• _Exercise prompt_:
Return the records from the first line through the line containing "Line((0, 53.1927423179), (7, 53.1927423179))", and leave out the pictures.

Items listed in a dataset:
----------
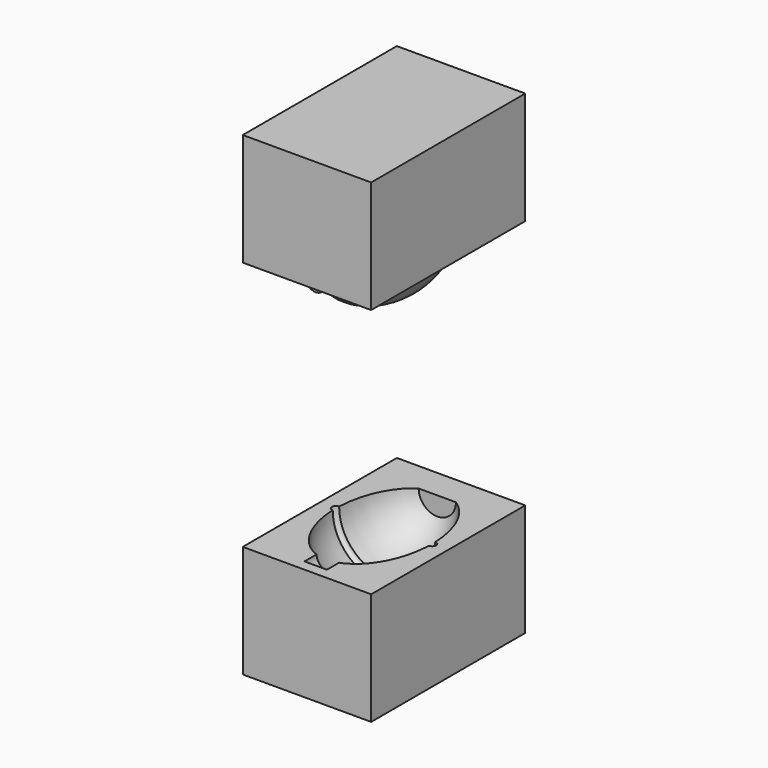
from build123d import *

# Parameters (mm, degrees)
F0_W     = 80
F0_H     = 120
F2_DEPTH = 70
F8_ANGLE = 180


# Not quite as in the source:
# - a feature names something its author has since deleted; it is built from what else it names


with BuildPart() as f2:
    # F0 (on Top) → F2 (new body)
    with BuildSketch(Plane.XY):
        Rectangle(F0_W, F0_H)
        with BuildLine():
            add(Edge.make_bspline(
                [(11.5998084275, -41.5), (96.1455069835, 11.6712359011), (7, 43.7578564374)],
                knots=[0.3970074492, 0.3970074492, 0.3970074492, 2.9060884169, 2.9060884169, 2.9060884169], degree=2, weights=[1, 0.3110102775, 1]))
            Line((11.5998084275, -41.5), (20, -41.5))
            Line((20, -41.5), (20, -48.5))
            Line((20, -48.5), (-20, -48.5))
            Line((-20, -48.5), (-20, -41.5))
            Line((-20, -41.5), (-11.5998084275, -41.5))
            add(Edge.make_bspline(
                [(-29.9536838409, -2.4995709259), (-28.911018824, -30.6128884444), (-11.5998084275, -41.5)],
                knots=[4.7679636039, 4.7679636039, 4.7679636039, 5.886177858, 5.886177858, 5.886177858], degree=2, weights=[1, 0.847729055, 1]))
            ThreePointArc((-29.9536838409, -2.4995709259), (-32.5, 0), (-29.9536838409, 2.4995709259))
            add(Edge.make_bspline(
                [(-7, 43.7578564374), (-28.7133563077, 35.9424516235), (-29.9536838409, 2.4995709259)],
                knots=[3.3770968903, 3.3770968903, 3.3770968903, 4.6568143568, 4.6568143568, 4.6568143568], degree=2, weights=[1, 0.8021801137, 1]))
            Line((-7, 43.7578564374), (-7, 53.1927423179))
            Line((-7, 53.1927423179), (0, 53.1927423179))
            Line((0, 53.1927423179), (7, 53.1927423179))
            Line((7, 53.1927423179), (7, 43.7578564374))
        make_face(mode=Mode.SUBTRACT)
        with BuildLine():
            Line((0, -41.5), (11.5998084275, -41.5))
            add(Edge.make_bspline(
                [(11.5998084275, -41.5), (96.1455069835, 11.6712359011), (7, 43.7578564374)],
                knots=[0.3970074492, 0.3970074492, 0.3970074492, 2.9060884169, 2.9060884169, 2.9060884169], degree=2, weights=[1, 0.3110102775, 1]))
            Line((7, 43.7578564374), (7, 36.8072576821))
            Line((7, 36.8072576821), (0, 36.8072576821))
            Line((0, 36.8072576821), (0, -41.5))
        make_face()
        with BuildLine():
            add(Edge.make_bspline(
                [(-29.9536838409, -2.4995709259), (-28.911018824, -30.6128884444), (-11.5998084275, -41.5)],
                knots=[4.7679636039, 4.7679636039, 4.7679636039, 5.886177858, 5.886177858, 5.886177858], degree=2, weights=[1, 0.847729055, 1]))
            Line((-11.5998084275, -41.5), (0, -41.5))
            Line((0, -41.5), (0, 36.8072576821))
            Line((0, 36.8072576821), (-7, 36.8072576821))
            Line((-7, 36.8072576821), (-7, 43.7578564374))
            add(Edge.make_bspline(
                [(-7, 43.7578564374), (-28.7133563077, 35.9424516235), (-29.9536838409, 2.4995709259)],
                knots=[3.3770968903, 3.3770968903, 3.3770968903, 4.6568143568, 4.6568143568, 4.6568143568], degree=2, weights=[1, 0.8021801137, 1]))
            ThreePointArc((-29.9536838409, 2.4995709259), (-28.2159329612, 1.7513151633), (-27.5, 0))
            ThreePointArc((-27.5, 0), (-28.2159329612, -1.7513151633), (-29.9536838409, -2.4995709259))
        make_face()
        with BuildLine():
            Line((7, 36.8072576821), (7, 43.7578564374))
            add(Edge.make_bspline(
                [(7, 43.7578564374), (3.5489816073, 45), (0, 45)],
                knots=[2.9060884169, 2.9060884169, 2.9060884169, 3.1415926536, 3.1415926536, 3.1415926536], degree=2, weights=[1, 0.9930752262, 1]))
            Line((0, 45), (0, 36.8072576821))
            Line((0, 36.8072576821), (7, 36.8072576821))
        make_face()
        with BuildLine():
            Line((-7, 36.8072576821), (0, 36.8072576821))
            Line((0, 36.8072576821), (0, 45))
            add(Edge.make_bspline(
                [(0, 45), (-3.5489816073, 45), (-7, 43.7578564374)],
                knots=[3.1415926536, 3.1415926536, 3.1415926536, 3.3770968903, 3.3770968903, 3.3770968903], degree=2, weights=[1, 0.9930752262, 1]))
            Line((-7, 43.7578564374), (-7, 36.8072576821))
        make_face()
        with BuildLine():
            add(Edge.make_bspline(
                [(7, 43.7578564374), (3.5489816073, 45), (0, 45)],
                knots=[2.9060884169, 2.9060884169, 2.9060884169, 3.1415926536, 3.1415926536, 3.1415926536], degree=2, weights=[1, 0.9930752262, 1]))
            Line((7, 43.7578564374), (7, 53.1927423179))
            Line((7, 53.1927423179), (0, 53.1927423179))
            Line((0, 53.1927423179), (0, 45))
        make_face()
        with BuildLine():
            add(Edge.make_bspline(
                [(0, 45), (-3.5489816073, 45), (-7, 43.7578564374)],
                knots=[3.1415926536, 3.1415926536, 3.1415926536, 3.3770968903, 3.3770968903, 3.3770968903], degree=2, weights=[1, 0.9930752262, 1]))
            Line((0, 45), (0, 53.1927423179))
            Line((0, 53.1927423179), (-7, 53.1927423179))
            Line((-7, 53.1927423179), (-7, 43.7578564374))
        make_face()
        with BuildLine():
            ThreePointArc((-29.9536838409, 2.4995709259), (-32.5, 0), (-29.9536838409, -2.4995709259))
            add(Edge.make_bspline(
                [(-29.9536838409, 2.4995709259), (-30.0463877759, 0), (-29.9536838409, -2.4995709259)],
                knots=[4.6568143568, 4.6568143568, 4.6568143568, 4.7679636039, 4.7679636039, 4.7679636039], degree=2, weights=[1, 0.998456128, 1]))
        make_face()
        with BuildLine():
            add(Edge.make_bspline(
                [(-29.9536838409, 2.4995709259), (-30.0463877759, 0), (-29.9536838409, -2.4995709259)],
                knots=[4.6568143568, 4.6568143568, 4.6568143568, 4.7679636039, 4.7679636039, 4.7679636039], degree=2, weights=[1, 0.998456128, 1]))
            ThreePointArc((-29.9536838409, -2.4995709259), (-28.2159329612, -1.7513151633), (-27.5, 0))
            ThreePointArc((-27.5, 0), (-28.2159329612, 1.7513151633), (-29.9536838409, 2.4995709259))
        make_face()
        with BuildLine():
            Line((0, -41.5), (0, -45))
            add(Edge.make_bspline(
                [(0, -45), (6.0345824189, -45), (11.5998084275, -41.5)],
                knots=[0, 0, 0, 0.3970074492, 0.3970074492, 0.3970074492], degree=2, weights=[1, 0.9803627447, 1]))
            Line((11.5998084275, -41.5), (0, -41.5))
        make_face()
        with BuildLine():
            add(Edge.make_bspline(
                [(0, -45), (6.0345824189, -45), (11.5998084275, -41.5)],
                knots=[0, 0, 0, 0.3970074492, 0.3970074492, 0.3970074492], degree=2, weights=[1, 0.9803627447, 1]))
            add(Edge.make_bspline(
                [(-11.5998084275, -41.5), (-6.0345824189, -45), (0, -45)],
                knots=[5.886177858, 5.886177858, 5.886177858, 6.2831853072, 6.2831853072, 6.2831853072], degree=2, weights=[1, 0.9803627447, 1]))
            Line((-11.5998084275, -41.5), (-20, -41.5))
            Line((-20, -41.5), (-20, -48.5))
            Line((-20, -48.5), (20, -48.5))
            Line((20, -48.5), (20, -41.5))
            Line((20, -41.5), (11.5998084275, -41.5))
        make_face()
        with BuildLine():
            add(Edge.make_bspline(
                [(-11.5998084275, -41.5), (-6.0345824189, -45), (0, -45)],
                knots=[5.886177858, 5.886177858, 5.886177858, 6.2831853072, 6.2831853072, 6.2831853072], degree=2, weights=[1, 0.9803627447, 1]))
            Line((0, -45), (0, -41.5))
            Line((0, -41.5), (-11.5998084275, -41.5))
        make_face()
    extrude(amount=F2_DEPTH)


with BuildPart() as f3_1:
    # F3: copy of F2
    add(f2.part.moved(Location((0, 0, 155.9))))

    # F5 (on face) → F6 (revolve)
    with BuildSketch(Plane(origin=(0, 0, 155.9), x_dir=(1, 0, 0), z_dir=(0, 0, -1))):
        with BuildLine():
            add(Edge.make_bspline(
                [(-5.9999991059, 43.0479642897), (-96.1289526789, 14.1296936695), (-11.3346382454, -40.5)],
                knots=[3.3499944602, 3.3499944602, 3.3499944602, 5.8816308452, 5.8816308452, 5.8816308452], degree=2, weights=[1, 0.3002723186, 1]))
            Line((-11.3346382454, -40.5), (8.941e-07, -40.5))
            Line((8.941e-07, -40.5), (8.941e-07, 34.80726))
            Line((8.941e-07, 34.80726), (-5.9999991059, 34.80726))
            Line((-5.9999991059, 34.80726), (-5.9999991059, 43.0479642897))
        make_face()
        with BuildLine():
            add(Edge.make_bspline(
                [(8.941e-07, 44), (-3.0328098345, 44), (-5.9999991059, 43.0479642897)],
                knots=[3.1415926536, 3.1415926536, 3.1415926536, 3.3499944602, 3.3499944602, 3.3499944602], degree=2, weights=[1, 0.9945759963, 1]))
            Line((-5.9999991059, 43.0479642897), (-5.9999991059, 34.80726))
            Line((-5.9999991059, 34.80726), (8.941e-07, 34.80726))
            Line((8.941e-07, 34.80726), (8.941e-07, 44))
        make_face()
        with BuildLine():
            Line((-5.9999991059, 53.19274), (-5.9999991059, 43.0479642897))
            add(Edge.make_bspline(
                [(8.941e-07, 44), (-3.0328098345, 44), (-5.9999991059, 43.0479642897)],
                knots=[3.1415926536, 3.1415926536, 3.1415926536, 3.3499944602, 3.3499944602, 3.3499944602], degree=2, weights=[1, 0.9945759963, 1]))
            Line((8.941e-07, 44), (8.941e-07, 53.19274))
            Line((8.941e-07, 53.19274), (-5.9999991059, 53.19274))
        make_face()
    revolve(axis=Axis((8.941e-07, -4.59637, 155.9), (0, -1, 0)))


with BuildPart() as f2_1:
    add(f2.part)

    # F0 (on Top) → F4 (revolve, cut)
    with BuildSketch(Plane.XY):
        with BuildLine():
            add(Edge.make_bspline(
                [(-29.9536838409, -2.4995709259), (-28.911018824, -30.6128884444), (-11.5998084275, -41.5)],
                knots=[4.7679636039, 4.7679636039, 4.7679636039, 5.886177858, 5.886177858, 5.886177858], degree=2, weights=[1, 0.847729055, 1]))
            Line((-11.5998084275, -41.5), (0, -41.5))
            Line((0, -41.5), (0, 36.8072576821))
            Line((0, 36.8072576821), (-7, 36.8072576821))
            Line((-7, 36.8072576821), (-7, 43.7578564374))
            add(Edge.make_bspline(
                [(-7, 43.7578564374), (-28.7133563077, 35.9424516235), (-29.9536838409, 2.4995709259)],
                knots=[3.3770968903, 3.3770968903, 3.3770968903, 4.6568143568, 4.6568143568, 4.6568143568], degree=2, weights=[1, 0.8021801137, 1]))
            ThreePointArc((-29.9536838409, 2.4995709259), (-28.2159329612, 1.7513151633), (-27.5, 0))
            ThreePointArc((-27.5, 0), (-28.2159329612, -1.7513151633), (-29.9536838409, -2.4995709259))
        make_face()
        with BuildLine():
            add(Edge.make_bspline(
                [(-29.9536838409, 2.4995709259), (-30.0463877759, 0), (-29.9536838409, -2.4995709259)],
                knots=[4.6568143568, 4.6568143568, 4.6568143568, 4.7679636039, 4.7679636039, 4.7679636039], degree=2, weights=[1, 0.998456128, 1]))
            ThreePointArc((-29.9536838409, -2.4995709259), (-28.2159329612, -1.7513151633), (-27.5, 0))
            ThreePointArc((-27.5, 0), (-28.2159329612, 1.7513151633), (-29.9536838409, 2.4995709259))
        make_face()
        with BuildLine():
            ThreePointArc((-29.9536838409, 2.4995709259), (-32.5, 0), (-29.9536838409, -2.4995709259))
            add(Edge.make_bspline(
                [(-29.9536838409, 2.4995709259), (-30.0463877759, 0), (-29.9536838409, -2.4995709259)],
                knots=[4.6568143568, 4.6568143568, 4.6568143568, 4.7679636039, 4.7679636039, 4.7679636039], degree=2, weights=[1, 0.998456128, 1]))
        make_face()
        with BuildLine():
            Line((-7, 36.8072576821), (0, 36.8072576821))
            Line((0, 36.8072576821), (0, 45))
            add(Edge.make_bspline(
                [(0, 45), (-3.5489816073, 45), (-7, 43.7578564374)],
                knots=[3.1415926536, 3.1415926536, 3.1415926536, 3.3770968903, 3.3770968903, 3.3770968903], degree=2, weights=[1, 0.9930752262, 1]))
            Line((-7, 43.7578564374), (-7, 36.8072576821))
        make_face()
        with BuildLine():
            add(Edge.make_bspline(
                [(0, 45), (-3.5489816073, 45), (-7, 43.7578564374)],
                knots=[3.1415926536, 3.1415926536, 3.1415926536, 3.3770968903, 3.3770968903, 3.3770968903], degree=2, weights=[1, 0.9930752262, 1]))
            Line((0, 45), (0, 53.1927423179))
            Line((0, 53.1927423179), (-7, 53.1927423179))
            Line((-7, 53.1927423179), (-7, 43.7578564374))
        make_face()
    revolve(axis=Axis((0, 4.096371159, 0), (0, 1, 0)), mode=Mode.SUBTRACT)


with BuildPart() as f2_2:
    # F8: moved
    add(f2_1.part.rotate(Axis((0.2401061356, 0, 0), (1, 0, 0)), F8_ANGLE))


solid = Compound([f3_1.part, f2_2.part])
----------
• _Solution for this exercise_:
from build123d import *

# Parameters (mm, degrees)
F0_W     = 80
F0_H     = 120
F2_DEPTH = 70
F8_ANGLE = 180


# Not quite as in the source:
# - a feature names something its author has since deleted; it is built from what else it names


with BuildPart() as f2:
    # F0 (on Top) → F2 (new body)
    with BuildSketch(Plane.XY):
        Rectangle(F0_W, F0_H)
        with BuildLine():
            add(Edge.make_bspline(
                [(11.5998084275, -41.5), (96.1455069835, 11.6712359011), (7, 43.7578564374)],
                knots=[0.3970074492, 0.3970074492, 0.3970074492, 2.9060884169, 2.9060884169, 2.9060884169], degree=2, weights=[1, 0.3110102775, 1]))
            Line((11.5998084275, -41.5), (20, -41.5))
            Line((20, -41.5), (20, -48.5))
            Line((20, -48.5), (-20, -48.5))
            Line((-20, -48.5), (-20, -41.5))
            Line((-20, -41.5), (-11.5998084275, -41.5))
            add(Edge.make_bspline(
                [(-29.9536838409, -2.4995709259), (-28.911018824, -30.6128884444), (-11.5998084275, -41.5)],
                knots=[4.7679636039, 4.7679636039, 4.7679636039, 5.886177858, 5.886177858, 5.886177858], degree=2, weights=[1, 0.847729055, 1]))
            ThreePointArc((-29.9536838409, -2.4995709259), (-32.5, 0), (-29.9536838409, 2.4995709259))
            add(Edge.make_bspline(
                [(-7, 43.7578564374), (-28.7133563077, 35.9424516235), (-29.9536838409, 2.4995709259)],
                knots=[3.3770968903, 3.3770968903, 3.3770968903, 4.6568143568, 4.6568143568, 4.6568143568], degree=2, weights=[1, 0.8021801137, 1]))
            Line((-7, 43.7578564374), (-7, 53.1927423179))
            Line((-7, 53.1927423179), (0, 53.1927423179))
            Line((0, 53.1927423179), (7, 53.1927423179))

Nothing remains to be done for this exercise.